Successful exploitation of these vulnerabilities could allow an attacker to disrupt sequencing operations and processes, exfiltrate and manipulate data, and bypass authentication controls.

3. TECHNICAL DETAILS

3.1 AFFECTED PRODUCTS

The following versions of MinKNOW, a DNA and RNA sequencing device, are affected:

• MinKNOW: Versions prior to 24.06 (CVE-2024-35585)
• MinKNOW: Versions prior to 24.11 (CVE-2025-54808, CVE-2025-10937)

3.2 VULNERABILITY OVERVIEW

3.2.1 MISSING AUTHENTICATION FOR CRITICAL FUNCTION CWE-306

A vulnerability exists in which remote access is enabled by default, and authentication relies on the IP address of the host computer. Unauthorized users on the same network can discover the IP address (e.g., via port scanning) and gain access to the sequencer by registering a legitimate or temporary Oxford Nanopore account. Once connected through the MinKNOW application, attackers can observe sequencing activity, pause or stop data collection, and redirect output data to an alternate location.

CVE-2024-35585 has been assigned to this vulnerability. A CVSS v3.1 base score of 8.6 has been calculated; the CVSS vector string is (AV:N/AC:L/PR:N/UI:N/S:U/C:H/I:L/A:L).

A CVSS v4 score has also been calculated for CVE-2024-35585. A base score of 8.3 has been calculated; the CVSS vector string is (AV:N/AC:L/AT:P/PR:N/UI:N/VC:H/VI:L/VA:L/SC:N/SI:N/SA:N/R:U).

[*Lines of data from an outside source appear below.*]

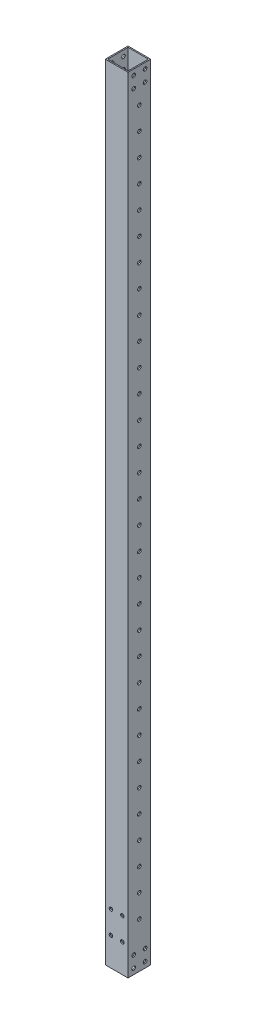
SolidWorks part; units mm, degrees
ref_plane "前视基准面" through (0, 0, 0) normal (0, 0, 1) x (1, 0, 0)
ref_plane "上视基准面" through (0, 0, 0) normal (0, 1, 0) x (1, 0, 0)
ref_plane "右视基准面" through (0, 0, 0) normal (1, 0, 0) x (0, 0, -1)
other "Configuration Table"
sketch "草图1" plane through (0, 0, 0) normal (0, 1, 0) x (1, 0, 0)
  line L1 (-10, -10) -> (10, -10)
  line L2 (-10, -10) -> (-10, 10)
  line L3 (-10, 10) -> (10, 10)
  line L4 (10, -10) -> (10, 10)
  line L5 (-10, -10) -> (10, 10) construction
  line L6 (-10, 10) -> (10, -10) construction
  point P0 (0, 0)
  dimension "D1" = 20
  dimension "D2" = 20
extrude "拉伸-薄壁1" add sketch "草图1" along normal blind 690 thin thin type one direction reverse wall 1
sketch "草图2" plane through (10, 0, 0) normal (1, 0, 0) x (0, 0, -1)
  line L0 (10, 690) -> (10, 0) construction
  line L1 (-10, 690) -> (10, 690)
  line L2 (-10, 690) -> (-10, 670)
  line L3 (-10, 670) -> (10, 670)
  line L4 (10, 690) -> (10, 670)
  line L6 (-10, 0) -> (10, 0)
  line L7 (-10, 0) -> (-10, 20)
  line L8 (-10, 20) -> (10, 20)
  line L9 (10, 0) -> (10, 20)
  dimension "D1" = 20
  dimension "D2" = 20
sketch "草图3" plane through (0, 0, 10) normal (0, 0, -1) x (-1, 0, 0)
  line L0 (0, 0) -> (0, 66.0608) construction
  line L1 (-10, 35) -> (10, 35) construction
  line L6 (-10, 690) -> (-10, 0) construction
  line L7 (10, 690) -> (10, 0) construction
  line L8 (-10, 0) -> (10, 0) construction
  circle A0 centre (-5, 25) radius 1.55
  circle A3 centre (-5, 45) radius 1.55
  circle A4 centre (5, 25) radius 1.55
  circle A5 centre (5, 45) radius 1.55
  dimension "D2" = 3.1
  dimension "D1" = 35
  dimension "D3" = 10
  dimension "D4" = 5
extrude "切除-拉伸2" cut sketch "草图3" along normal through all
sketch "草图4" plane through (10, 0, 0) normal (1, 0, 0) x (0, 0, -1)
  line L0 (-10, 10) -> (10, 10) construction
  line L1 (-10, 0) -> (-10, 20) construction
  line L2 (10, 0) -> (10, 20) construction
  line L3 (0, 0) -> (0, 20) construction
  line L4 (-10, 20) -> (10, 20) construction
  line L5 (10, 345) -> (-10, 345) construction
  line L6 (10, 690) -> (10, 0) construction
  line L7 (-10, 690) -> (-10, 0) construction
  line L8 (0, 690) -> (0, 670) construction
  line L9 (-10, 680) -> (10, 680) construction
  circle A0 centre (-5, 5) radius 1.6
  circle A1 centre (-5, 15) radius 1.6
  circle A2 centre (5, 5) radius 1.6
  circle A3 centre (5, 15) radius 1.6
  circle A4 centre (5, 675) radius 1.6
  circle A5 centre (5, 685) radius 1.6
  circle A6 centre (-5, 675) radius 1.6
  circle A7 centre (-5, 685) radius 1.6
  dimension "D1" = 3.2
  dimension "D2" = 5
  dimension "D3" = 5
extrude "切除-拉伸3" cut sketch "草图4" against normal through all
sketch "草图5" plane through (10, 0, 0) normal (1, 0, 0) x (0, 0, -1)
  line L0 (-10, 0) -> (10, 0) construction
  line L1 (0, 60) -> (0, 0) construction
  circle A0 centre (0, 60) radius 1.6
  circle A1 centre (0, 80) radius 1.6
  circle A2 centre (0, 100) radius 1.6
  circle A3 centre (0, 120) radius 1.6
  circle A4 centre (0, 140) radius 1.6
  circle A5 centre (0, 160) radius 1.6
  circle A6 centre (0, 180) radius 1.6
  circle A7 centre (0, 200) radius 1.6
  circle A8 centre (0, 220) radius 1.6
  circle A9 centre (0, 240) radius 1.6
  circle A10 centre (0, 260) radius 1.6
  circle A11 centre (0, 280) radius 1.6
  circle A12 centre (0, 300) radius 1.6
  circle A13 centre (0, 320) radius 1.6
  circle A14 centre (0, 340) radius 1.6
  circle A15 centre (0, 360) radius 1.6
  circle A16 centre (0, 380) radius 1.6
  circle A17 centre (0, 400) radius 1.6
  circle A18 centre (0, 420) radius 1.6
  circle A19 centre (0, 440) radius 1.6
  circle A20 centre (0, 460) radius 1.6
  circle A21 centre (0, 480) radius 1.6
  circle A22 centre (0, 500) radius 1.6
  circle A23 centre (0, 520) radius 1.6
  circle A24 centre (0, 540) radius 1.6
  circle A25 centre (0, 560) radius 1.6
  circle A26 centre (0, 580) radius 1.6
  circle A27 centre (0, 600) radius 1.6
  circle A28 centre (0, 620) radius 1.6
  circle A29 centre (0, 640) radius 1.6
  circle A30 centre (0, 660) radius 1.6
  circle A31 centre (0, 40) radius 1.6
  dimension "D1" = 3.2
  dimension "D2" = 60
  dimension "D3" = 30
  dimension "D4" = 2
  dimension "D5" = 2
extrude "切除-拉伸4" cut sketch "草图5" against normal through all

3.2.2 INSUFFICIENTLY PROTECTED CREDENTIALS CWE-522

Oxford Nanopore Technologies’ MinKNOW software at or prior to version 24.11 stores authentication tokens in a file located in the system’s temporary directory (/tmp) on the host machine. This directory is typically world-readable, allowing any local user or application to access the token. If the token is leaked (e.g., via malware infection or other local exploit), and remote access is enabled, it can be used to establish unauthorized remote connections to the sequencer. Remote access must be enabled for remote exploitation to succeed. This may occur either because the user has enabled remote access for legitimate operational reasons or because malware with elevated privileges (e.g., sudo access) enables it without user consent. This vulnerability can be chained with remote access capabilities to generate a developer token from a remote device. Developer tokens can be created with arbitrary expiration dates, enabling persistent access to the sequencer and bypassing standard authentication mechanisms.

CVE-2025-54808 has been assigned to this vulnerability. A CVSS v3.1 base score of 7.8 has been calculated; the CVSS vector string is (AV:L/AC:L/PR:L/UI:N/S:U/C:H/I:H/A:H).

A CVSS v4 score has also been calculated for CVE-2025-54808. A base score of 7.3 has been calculated; the CVSS vector string is (AV:L/AC:L/AT:P/PR:L/UI:N/VC:H/VI:H/VA:H/SC:N/SI:N/SA:N/R:U).

3.2.3 IMPROPER CHECK FOR UNUSUAL OR EXCEPTIONAL CONDITIONS CWE-754

Oxford Nanopore Technologies’ MinKNOW software at or prior to version 24.11 creates a temporary file to store the local authentication token during startup, before copying it to its final location. This temporary file is created in a directory accessible to all users on the system. An unauthorized local user or process can exploit this behavior by placing a file lock on the temporary token file using the flock system call. This prevents MinKNOW from completing the token generation process. As a result, no valid local token is created, and the software is unable to execute commands on the sequencer. This leads to a denial-of-service (DoS) condition, blocking sequencing operations.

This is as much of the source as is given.